TLDR
- Binance founder CZ proposed a new “dark pool” DEX that hides trades and liquidation points to prevent front-running and market manipulation
- Current DEXs expose all trading activity in real-time, allowing MEV bots to exploit traders and push markets to trigger liquidations
- The proposed solution would use zero-knowledge proofs and atomic swaps to maintain privacy while keeping trades trustless and non-custodial
- This idea comes after crypto trader James Wynn lost $100 million through liquidations, exposing market manipulation concerns
- CZ invited developers to contact him through his paid messaging platform ReachMe.io to build this solution
CZ Proposes Private DEX After $100 Million Trader Liquidations
Binance founder Changpeng “CZ” Zhao has called for the creation of a new type of decentralized exchange that would hide trading activity from public view. His proposal comes after recent high-profile liquidations that highlighted vulnerabilities in current DeFi systems.
The former Binance CEO posted his idea on X, suggesting developers build a “dark pool perp DEX” that conceals trades, positions, and deposits. Current DEXs make all trading activity visible in real-time, creating opportunities for exploitation.
Given recent events, I think now might be a good time for someone to launch a dark pool perp DEX.
I have always been puzzled with the fact that everyone can see your orders in real-time on a DEX. The problem is worse on a perp DEX where there are liquidations.
Even with a CEX…
— CZ 🔶 BNB (@cz_binance) June 1, 2025
CZ pointed out that this transparency allows other traders to see liquidation points for leveraged positions. “If others can see your liquidation point, they could try to push the market to liquidate you,” he wrote. “Even if you got a billion dollars, others can gang up on you.”
The timing of this proposal follows crypto trader James Wynn’s recent $100 million loss through liquidations on Bitcoin futures. Wynn claimed the losses exposed corruption in crypto markets and how exchanges operate internal market-making desks.

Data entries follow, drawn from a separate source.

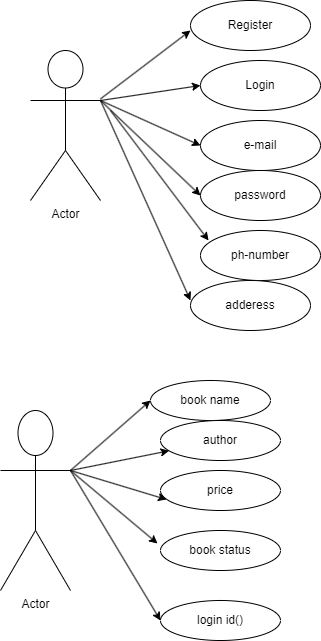

The diagram above was exported from draw.io. Its source (the exported page's mxGraphModel, read from the mxfile embedded in the PNG):
<mxGraphModel dx="880" dy="468" grid="1" gridSize="10" guides="1" tooltips="1" connect="1" arrows="1" fold="1" page="1" pageScale="1" pageWidth="850" pageHeight="1100" math="0" shadow="0">
  <root>
    <mxCell id="0" />
    <mxCell id="1" parent="0" />
    <mxCell id="Cl1iRhWVD2_2lzpGpmM1-9" value="Actor" style="shape=umlActor;verticalLabelPosition=bottom;verticalAlign=top;html=1;outlineConnect=0;" vertex="1" parent="1">
      <mxGeometry x="70" y="90" width="70" height="150" as="geometry" />
    </mxCell>
    <mxCell id="Cl1iRhWVD2_2lzpGpmM1-13" value="Login" style="ellipse;whiteSpace=wrap;html=1;" vertex="1" parent="1">
      <mxGeometry x="240" y="100" width="120" height="50" as="geometry" />
    </mxCell>
    <mxCell id="Cl1iRhWVD2_2lzpGpmM1-14" value="e-mail" style="ellipse;whiteSpace=wrap;html=1;" vertex="1" parent="1">
      <mxGeometry x="240" y="160" width="120" height="50" as="geometry" />
    </mxCell>
    <mxCell id="Cl1iRhWVD2_2lzpGpmM1-15" value="password" style="ellipse;whiteSpace=wrap;html=1;" vertex="1" parent="1">
      <mxGeometry x="240" y="210" width="120" height="50" as="geometry" />
    </mxCell>
    <mxCell id="Cl1iRhWVD2_2lzpGpmM1-16" value="ph-number" style="ellipse;whiteSpace=wrap;html=1;" vertex="1" parent="1">
      <mxGeometry x="240" y="270" width="120" height="50" as="geometry" />
    </mxCell>
    <mxCell id="Cl1iRhWVD2_2lzpGpmM1-17" value="" style="endArrow=classic;html=1;rounded=0;" edge="1" parent="1" source="Cl1iRhWVD2_2lzpGpmM1-9">
      <mxGeometry width="50" height="50" relative="1" as="geometry">
        <mxPoint x="400" y="270" as="sourcePoint" />
        <mxPoint x="230" y="70" as="targetPoint" />
      </mxGeometry>
    </mxCell>
    <mxCell id="Cl1iRhWVD2_2lzpGpmM1-18" value="" style="endArrow=classic;html=1;rounded=0;entryX=0;entryY=0.5;entryDx=0;entryDy=0;" edge="1" parent="1" target="Cl1iRhWVD2_2lzpGpmM1-13">
      <mxGeometry width="50" height="50" relative="1" as="geometry">
        <mxPoint x="140" y="140" as="sourcePoint" />
        <mxPoint x="240" y="80" as="targetPoint" />
      </mxGeometry>
    </mxCell>
    <mxCell id="Cl1iRhWVD2_2lzpGpmM1-19" value="" style="endArrow=classic;html=1;rounded=0;entryX=0;entryY=0.5;entryDx=0;entryDy=0;" edge="1" parent="1" target="Cl1iRhWVD2_2lzpGpmM1-14">
      <mxGeometry width="50" height="50" relative="1" as="geometry">
        <mxPoint x="140" y="140" as="sourcePoint" />
        <mxPoint x="250" y="135" as="targetPoint" />
      </mxGeometry>
    </mxCell>
    <mxCell id="Cl1iRhWVD2_2lzpGpmM1-20" value="" style="endArrow=classic;html=1;rounded=0;entryX=0;entryY=0.5;entryDx=0;entryDy=0;" edge="1" parent="1" target="Cl1iRhWVD2_2lzpGpmM1-15">
      <mxGeometry width="50" height="50" relative="1" as="geometry">
        <mxPoint x="140" y="140" as="sourcePoint" />
        <mxPoint x="250" y="195" as="targetPoint" />
      </mxGeometry>
    </mxCell>
    <mxCell id="Cl1iRhWVD2_2lzpGpmM1-21" value="" style="endArrow=classic;html=1;rounded=0;entryX=0.067;entryY=0.2;entryDx=0;entryDy=0;entryPerimeter=0;" edge="1" parent="1" target="Cl1iRhWVD2_2lzpGpmM1-16">
      <mxGeometry width="50" height="50" relative="1" as="geometry">
        <mxPoint x="150" y="150" as="sourcePoint" />
        <mxPoint x="250" y="255" as="targetPoint" />
      </mxGeometry>
    </mxCell>
    <mxCell id="Cl1iRhWVD2_2lzpGpmM1-22" value="Register" style="ellipse;whiteSpace=wrap;html=1;" vertex="1" parent="1">
      <mxGeometry x="230" y="40" width="120" height="50" as="geometry" />
    </mxCell>
    <mxCell id="Cl1iRhWVD2_2lzpGpmM1-24" value="adderess" style="ellipse;whiteSpace=wrap;html=1;" vertex="1" parent="1">
      <mxGeometry x="230" y="320" width="120" height="50" as="geometry" />
    </mxCell>
    <mxCell id="Cl1iRhWVD2_2lzpGpmM1-25" value="" style="endArrow=classic;html=1;rounded=0;" edge="1" parent="1">
      <mxGeometry width="50" height="50" relative="1" as="geometry">
        <mxPoint x="140" y="140" as="sourcePoint" />
        <mxPoint x="230" y="340" as="targetPoint" />
      </mxGeometry>
    </mxCell>
    <mxCell id="Cl1iRhWVD2_2lzpGpmM1-28" value="Actor" style="shape=umlActor;verticalLabelPosition=bottom;verticalAlign=top;html=1;outlineConnect=0;" vertex="1" parent="1">
      <mxGeometry x="40" y="450" width="70" height="180" as="geometry" />
    </mxCell>
    <mxCell id="Cl1iRhWVD2_2lzpGpmM1-30" value="book name" style="ellipse;whiteSpace=wrap;html=1;" vertex="1" parent="1">
      <mxGeometry x="190" y="420" width="120" height="40" as="geometry" />
    </mxCell>
    <mxCell id="Cl1iRhWVD2_2lzpGpmM1-31" value="author" style="ellipse;whiteSpace=wrap;html=1;" vertex="1" parent="1">
      <mxGeometry x="200" y="460" width="120" height="40" as="geometry" />
    </mxCell>
    <mxCell id="Cl1iRhWVD2_2lzpGpmM1-32" value="price" style="ellipse;whiteSpace=wrap;html=1;" vertex="1" parent="1">
      <mxGeometry x="200" y="510" width="120" height="40" as="geometry" />
    </mxCell>
    <mxCell id="Cl1iRhWVD2_2lzpGpmM1-33" value="book status" style="ellipse;whiteSpace=wrap;html=1;" vertex="1" parent="1">
      <mxGeometry x="200" y="570" width="120" height="40" as="geometry" />
    </mxCell>
    <mxCell id="Cl1iRhWVD2_2lzpGpmM1-34" value="login id()" style="ellipse;whiteSpace=wrap;html=1;" vertex="1" parent="1">
      <mxGeometry x="200" y="640" width="120" height="40" as="geometry" />
    </mxCell>
    <mxCell id="Cl1iRhWVD2_2lzpGpmM1-36" value="" style="endArrow=classic;html=1;rounded=0;exitX=1;exitY=0.3333333333333333;exitDx=0;exitDy=0;exitPerimeter=0;entryX=0;entryY=0.5;entryDx=0;entryDy=0;" edge="1" parent="1" source="Cl1iRhWVD2_2lzpGpmM1-28" target="Cl1iRhWVD2_2lzpGpmM1-30">
      <mxGeometry width="50" height="50" relative="1" as="geometry">
        <mxPoint x="400" y="500" as="sourcePoint" />
        <mxPoint x="130" y="450" as="targetPoint" />
        <Array as="points" />
      </mxGeometry>
    </mxCell>
    <mxCell id="Cl1iRhWVD2_2lzpGpmM1-38" value="" style="endArrow=classic;html=1;rounded=0;exitX=1;exitY=0.3333333333333333;exitDx=0;exitDy=0;exitPerimeter=0;" edge="1" parent="1" source="Cl1iRhWVD2_2lzpGpmM1-28" target="Cl1iRhWVD2_2lzpGpmM1-31">
      <mxGeometry width="50" height="50" relative="1" as="geometry">
        <mxPoint x="100" y="520" as="sourcePoint" />
        <mxPoint x="150" y="460" as="targetPoint" />
        <Array as="points" />
      </mxGeometry>
    </mxCell>
    <mxCell id="Cl1iRhWVD2_2lzpGpmM1-39" value="" style="endArrow=classic;html=1;rounded=0;exitX=1;exitY=0.3333333333333333;exitDx=0;exitDy=0;exitPerimeter=0;entryX=0.05;entryY=0.725;entryDx=0;entryDy=0;entryPerimeter=0;" edge="1" parent="1" source="Cl1iRhWVD2_2lzpGpmM1-28" target="Cl1iRhWVD2_2lzpGpmM1-32">
      <mxGeometry width="50" height="50" relative="1" as="geometry">
        <mxPoint x="100" y="520" as="sourcePoint" />
        <mxPoint x="152" y="515" as="targetPoint" />
        <Array as="points" />
      </mxGeometry>
    </mxCell>
    <mxCell id="Cl1iRhWVD2_2lzpGpmM1-42" value="" style="endArrow=classic;html=1;rounded=0;exitX=1;exitY=0.3333333333333333;exitDx=0;exitDy=0;exitPerimeter=0;entryX=-0.025;entryY=0.325;entryDx=0;entryDy=0;entryPerimeter=0;" edge="1" parent="1" source="Cl1iRhWVD2_2lzpGpmM1-28" target="Cl1iRhWVD2_2lzpGpmM1-33">
      <mxGeometry width="50" height="50" relative="1" as="geometry">
        <mxPoint x="100" y="520" as="sourcePoint" />
        <mxPoint x="156" y="579" as="targetPoint" />
        <Array as="points" />
      </mxGeometry>
    </mxCell>
    <mxCell id="Cl1iRhWVD2_2lzpGpmM1-43" value="" style="endArrow=classic;html=1;rounded=0;exitX=1;exitY=0.3333333333333333;exitDx=0;exitDy=0;exitPerimeter=0;entryX=0;entryY=0.5;entryDx=0;entryDy=0;" edge="1" parent="1" source="Cl1iRhWVD2_2lzpGpmM1-28" target="Cl1iRhWVD2_2lzpGpmM1-34">
      <mxGeometry width="50" height="50" relative="1" as="geometry">
        <mxPoint x="100" y="520" as="sourcePoint" />
        <mxPoint x="157" y="623" as="targetPoint" />
        <Array as="points" />
      </mxGeometry>
    </mxCell>
  </root>
</mxGraphModel>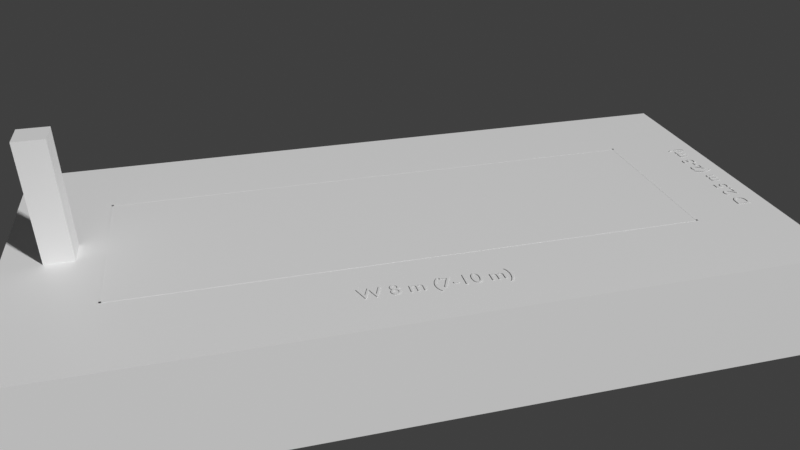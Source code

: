 # Source: blend.blend  (saved by Blender 5.2.45; exported with 4.5.12 LTS)
import bpy
from mathutils import Matrix  # noqa: F401  (used for matrix-valued properties, if any)

bpy.ops.wm.read_factory_settings(use_empty=True)
scene = bpy.context.scene
scene.name = 'Scene'

# ---- collections
col_x = bpy.data.collections.new('仕様'); scene.collection.children.link(col_x)

# ---- materials (node trees are filled in below, after node groups)
mat_soil = bpy.data.materials.new('soil')
mat_soil.diffuse_color = (0.42, 0.3, 0.2, 1.0)
mat_grass = bpy.data.materials.new('grass')
mat_grass.diffuse_color = (0.33, 0.55, 0.28, 1.0)
mat_person = bpy.data.materials.new('person')
mat_person.diffuse_color = (0.85, 0.28, 0.22, 1.0)
mat_line = bpy.data.materials.new('line')
mat_line.diffuse_color = (1.0, 1.0, 1.0, 1.0)
mat_text = bpy.data.materials.new('text')
mat_text.diffuse_color = (0.05, 0.05, 0.05, 1.0)

# ---- material node trees
mat_soil.use_nodes = True; mat_soil.node_tree.nodes.clear()
_N = mat_soil.node_tree.nodes; _L = mat_soil.node_tree.links
n0 = _N.new('ShaderNodeBsdfPrincipled'); n0.name = 'Principled BSDF'; n0.location = (-200, 100)
n0.inputs[10].default_value = 0.005
n1 = _N.new('ShaderNodeOutputMaterial'); n1.name = 'Material Output'; n1.location = (200, 100)
_L.new(n0.outputs[0], n1.inputs[0])
n1.is_active_output = True
mat_grass.use_nodes = True; mat_grass.node_tree.nodes.clear()
_N = mat_grass.node_tree.nodes; _L = mat_grass.node_tree.links
n0 = _N.new('ShaderNodeBsdfPrincipled'); n0.name = 'Principled BSDF'; n0.location = (-200, 100)
n0.inputs[10].default_value = 0.005
n1 = _N.new('ShaderNodeOutputMaterial'); n1.name = 'Material Output'; n1.location = (200, 100)
_L.new(n0.outputs[0], n1.inputs[0])
n1.is_active_output = True
mat_person.use_nodes = True; mat_person.node_tree.nodes.clear()
_N = mat_person.node_tree.nodes; _L = mat_person.node_tree.links
n0 = _N.new('ShaderNodeBsdfPrincipled'); n0.name = 'Principled BSDF'; n0.location = (-200, 100)
n0.inputs[10].default_value = 0.005
n1 = _N.new('ShaderNodeOutputMaterial'); n1.name = 'Material Output'; n1.location = (200, 100)
_L.new(n0.outputs[0], n1.inputs[0])
n1.is_active_output = True
mat_line.use_nodes = True; mat_line.node_tree.nodes.clear()
_N = mat_line.node_tree.nodes; _L = mat_line.node_tree.links
n0 = _N.new('ShaderNodeBsdfPrincipled'); n0.name = 'Principled BSDF'; n0.location = (-200, 100)
n0.inputs[10].default_value = 0.005
n1 = _N.new('ShaderNodeOutputMaterial'); n1.name = 'Material Output'; n1.location = (200, 100)
_L.new(n0.outputs[0], n1.inputs[0])
n1.is_active_output = True
mat_text.use_nodes = True; mat_text.node_tree.nodes.clear()
_N = mat_text.node_tree.nodes; _L = mat_text.node_tree.links
n0 = _N.new('ShaderNodeBsdfPrincipled'); n0.name = 'Principled BSDF'; n0.location = (-200, 100)
n0.inputs[10].default_value = 0.005
n1 = _N.new('ShaderNodeOutputMaterial'); n1.name = 'Material Output'; n1.location = (200, 100)
_L.new(n0.outputs[0], n1.inputs[0])
n1.is_active_output = True

# ---- world
world_world = bpy.data.worlds.new('World'); scene.world = world_world
world_world.use_nodes = True; world_world.node_tree.nodes.clear()
_N = world_world.node_tree.nodes; _L = world_world.node_tree.links
n0 = _N.new('ShaderNodeBackground'); n0.name = 'Background'; n0.location = (-200, 100)
n0.inputs[0].default_value = (0.05, 0.05, 0.05, 1.0)
n1 = _N.new('ShaderNodeOutputWorld'); n1.name = 'World Output'; n1.location = (200, 100)
_L.new(n0.outputs[0], n1.inputs[0])
n1.is_active_output = True
world_world.color = (0.78, 0.84, 0.9)

# ---- cameras
cam_x = bpy.data.cameras.new('全体')
cam_x.lens = 35.0

# ---- meshes
me_x = bpy.data.meshes.new('地盤')
me_x.from_pydata([(-1.3, -1.3, -1.6), (9.3, -1.3, -1.6), (9.3, 3.8, -1.6), (-1.3, 3.8, -1.6), (-1.3, -1.3, 0.0), (9.3, -1.3, 0.0), (9.3, 3.8, 0.0), (-1.3, 3.8, 0.0)], [], [(0, 3, 2, 1), (4, 5, 6, 7), (0, 1, 5, 4), (1, 2, 6, 5), (2, 3, 7, 6), (3, 0, 4, 7)])
me_x.materials.append(mat_soil)
me_x.update()
me_x_1 = bpy.data.meshes.new('エリア')
me_x_1.from_pydata([(0.0, 0.0, 0.0), (8.0, 0.0, 0.0), (8.0, 2.5, 0.0), (0.0, 2.5, 0.0), (0.0, 0.0, 0.001), (8.0, 0.0, 0.001), (8.0, 2.5, 0.001), (0.0, 2.5, 0.001)], [], [(0, 3, 2, 1), (4, 5, 6, 7), (0, 1, 5, 4), (1, 2, 6, 5), (2, 3, 7, 6), (3, 0, 4, 7)])
me_x_1.materials.append(mat_grass)
me_x_1.update()
me_1_7m = bpy.data.meshes.new('人(1.7m)')
me_1_7m.from_pydata([(-0.75, 1.05, 0.0), (-0.35, 1.05, 0.0), (-0.35, 1.45, 0.0), (-0.75, 1.45, 0.0), (-0.75, 1.05, 1.7), (-0.35, 1.05, 1.7), (-0.35, 1.45, 1.7), (-0.75, 1.45, 1.7)], [], [(0, 3, 2, 1), (4, 5, 6, 7), (0, 1, 5, 4), (1, 2, 6, 5), (2, 3, 7, 6), (3, 0, 4, 7)])
me_1_7m.materials.append(mat_person)
me_1_7m.update()
me_x_2 = bpy.data.meshes.new('エリア枠')
me_x_2.from_pydata([(0.0, 0.0, 0.001), (8.0, 0.0, 0.001), (8.0, 0.03, 0.001), (0.0, 0.03, 0.001), (0.0, 0.0, 0.002), (8.0, 0.0, 0.002), (8.0, 0.03, 0.002), (0.0, 0.03, 0.002), (0.0, 2.47, 0.001), (8.0, 2.47, 0.001), (8.0, 2.5, 0.001), (0.0, 2.5, 0.001), (0.0, 2.47, 0.002), (8.0, 2.47, 0.002), (8.0, 2.5, 0.002), (0.0, 2.5, 0.002), (0.0, 0.0, 0.001), (0.03, 0.0, 0.001), (0.03, 2.5, 0.001), (0.0, 2.5, 0.001), (0.0, 0.0, 0.002), (0.03, 0.0, 0.002), (0.03, 2.5, 0.002), (0.0, 2.5, 0.002), (7.97, 0.0, 0.001), (8.0, 0.0, 0.001), (8.0, 2.5, 0.001), (7.97, 2.5, 0.001), (7.97, 0.0, 0.002), (8.0, 0.0, 0.002), (8.0, 2.5, 0.002), (7.97, 2.5, 0.002)], [], [(0, 3, 2, 1), (4, 5, 6, 7), (0, 1, 5, 4), (1, 2, 6, 5), (2, 3, 7, 6), (3, 0, 4, 7), (8, 11, 10, 9), (12, 13, 14, 15), (8, 9, 13, 12), (9, 10, 14, 13), (10, 11, 15, 14), (11, 8, 12, 15), (16, 19, 18, 17), (20, 21, 22, 23), (16, 17, 21, 20), (17, 18, 22, 21), (18, 19, 23, 22), (19, 16, 20, 23), (24, 27, 26, 25), (28, 29, 30, 31), (24, 25, 29, 28), (25, 26, 30, 29), (26, 27, 31, 30), (27, 24, 28, 31)])
me_x_2.materials.append(mat_line)
me_x_2.update()

# ---- curves / text
txt_w_8_m__7_10_m = bpy.data.curves.new('W 8 m (7-10 m)', 'FONT')
txt_w_8_m__7_10_m.dimensions = '2D'
txt_w_8_m__7_10_m.body = 'W 8 m (7-10 m)'
txt_w_8_m__7_10_m.materials.append(mat_text)
txt_w_8_m__7_10_m.align_x = 'CENTER'
txt_w_8_m__7_10_m.size = 0.3
txt_d_2_5_m__2_3_m = bpy.data.curves.new('D 2.5 m (2-3 m)', 'FONT')
txt_d_2_5_m__2_3_m.dimensions = '2D'
txt_d_2_5_m__2_3_m.body = 'D 2.5 m (2-3 m)'
txt_d_2_5_m__2_3_m.materials.append(mat_text)
txt_d_2_5_m__2_3_m.align_x = 'CENTER'
txt_d_2_5_m__2_3_m.size = 0.3

# ---- objects
ob_x = bpy.data.objects.new('全体', cam_x)
ob_x_1 = bpy.data.objects.new('全体_注視点', None)
ob_x_2 = bpy.data.objects.new('地盤', me_x)
ob_x_3 = bpy.data.objects.new('エリア', me_x_1)
ob_1_7m = bpy.data.objects.new('人(1.7m)', me_1_7m)
ob_x_4 = bpy.data.objects.new('エリア枠', me_x_2)
ob_w_8_m__7_10_m = bpy.data.objects.new('W 8 m (7-10 m)', txt_w_8_m__7_10_m)
ob_d_2_5_m__2_3_m = bpy.data.objects.new('D 2.5 m (2-3 m)', txt_d_2_5_m__2_3_m)
ob_x_5 = bpy.data.objects.new('条件', None)

# ---- transforms, parenting, visibility, modifiers, constraints
ob_x.location = (1.6, -8.15, 5.4)
_c = ob_x.constraints.new('TRACK_TO'); _c.name = 'Track To'
_c.target = ob_x_1
ob_x_1.location = (4.0, 1.25, -0.2)
ob_x_2.location = (0.0, 0.0, 0.0)
ob_x_3.location = (0.0, 0.0, 0.0)
ob_1_7m.location = (0.0, 0.0, 0.0)
ob_x_4.location = (0.0, 0.0, 0.0)
ob_w_8_m__7_10_m.location = (4.0, -0.7, 0.01)
ob_d_2_5_m__2_3_m.location = (9.05, 1.25, 0.01)
ob_d_2_5_m__2_3_m.rotation_euler = (0.0, 0.0, 1.571)
ob_x_5.location = (0.0, 0.0, 0.0)

# ---- collection membership
scene.collection.objects.link(ob_x)
scene.collection.objects.link(ob_x_1)
col_x.objects.link(ob_x_2)
col_x.objects.link(ob_x_3)
col_x.objects.link(ob_1_7m)
col_x.objects.link(ob_x_4)
col_x.objects.link(ob_w_8_m__7_10_m)
col_x.objects.link(ob_d_2_5_m__2_3_m)
col_x.objects.link(ob_x_5)

# ---- scene / render settings (as saved in the file)
scene.camera = ob_x
scene.frame_start = 1; scene.frame_end = 250; scene.frame_set(1)
scene.render.engine = 'BLENDER_WORKBENCH'
scene.render.resolution_x = 1600
scene.render.resolution_y = 900
scene.render.bake_bias = 0.0
scene.render.bake_samples = 0
scene.render.compositor_device = 'GPU'
scene.eevee.use_volume_custom_range = False
scene.eevee.fast_gi_thickness_near = 0.1
scene.eevee.fast_gi_thickness_far = 0.0
scene.eevee.ray_tracing_options.screen_trace_thickness = 0.1
scene.view_settings.view_transform = 'Standard'
bpy.context.view_layer.update()

# ---- added for rendering (the .blend has no usable light): sun
light_auto_sun = bpy.data.lights.new('AutoSun', 'SUN')
light_auto_sun.energy = 3.0
light_auto_sun.angle = 0.0523599
ob_auto_sun = bpy.data.objects.new('AutoSun', light_auto_sun)
scene.collection.objects.link(ob_auto_sun)
ob_auto_sun.rotation_euler = (0.872665, 0.174533, 0.523599)
bpy.context.view_layer.update()

JAMES WYNN HAS BEEN FULLY LIQUIDATED
CURRENT BALANCE: $16.28 pic.twitter.com/Kxmbo6aP2H
— Arkham (@arkham) May 31, 2025
Traditional DEXs suffer from front-running attacks where bots detect pending transactions and exploit them for profit. This practice, known as maximal extractable value (MEV), results in higher costs and worse prices for regular traders.
Technical Solutions for Privacy
CZ suggested using zero-knowledge proofs or similar encryption methods to hide trading activity until settlement stages. The system would need to remain trustless and non-custodial while providing privacy benefits.
Kadan Stadelmann from Komodo Platform said building such a system would require atomic swaps using Hash Time Lock Contracts. These mechanisms allow cross-chain trading without requiring trust between parties.
The contracts set time limits for trades and automatically cancel transactions if conditions aren’t met. Both parties recover their funds if the trade fails, maintaining security without central oversight.
Annu Shekhawat from Avail noted that current DEX exposure creates perfect conditions for MEV bots but terrible experiences for serious traders. Private DEXs could unlock new possibilities for institutional-grade DeFi trading.
Market Manipulation Concerns
The James Wynn liquidation highlighted concerns about market manipulation in crypto trading. Internal market-making desks at exchanges often take opposite positions to user trades, creating potential conflicts of interest.
These desks provide liquidity but can benefit when traders get liquidated. The arrangement raises questions about fair trading practices, especially during volatile market conditions.
CZ’s proposal addresses these concerns by removing visibility into trader positions and liquidation levels. Private order books would prevent coordinated attacks on large positions.
Current Solana DEX data shows private exchanges already dominate trading activity on that blockchain. Most Jupiter-routed trades now happen through private DEXs rather than public order books.
The shift toward private trading venues mirrors traditional finance, where institutional traders use dark pools to avoid market impact. Large trades in public markets often move prices against the trader before execution completes.
Developer Interest and Implementation
CZ invited developers to contact him through ReachMe.io, his paid messaging platform launched in March. The service filters high-volume requests by charging fees that increase over time.
Industry experts believe the first platform to successfully implement private DEX technology could set standards for institutional DeFi. The challenge lies in maintaining decentralization while providing privacy features.
Building such systems requires cross-chain compatibility and secure execution without central authorities. Zero-knowledge technology offers promising solutions but adds complexity to implementation.
The proposal has revived debates about whether complete transparency benefits DeFi users. While transparency prevents some forms of manipulation, it also enables others like front-running and MEV extraction.
CZ stepped down as Binance CEO in 2023 but remains active in proposing new DeFi infrastructure improvements.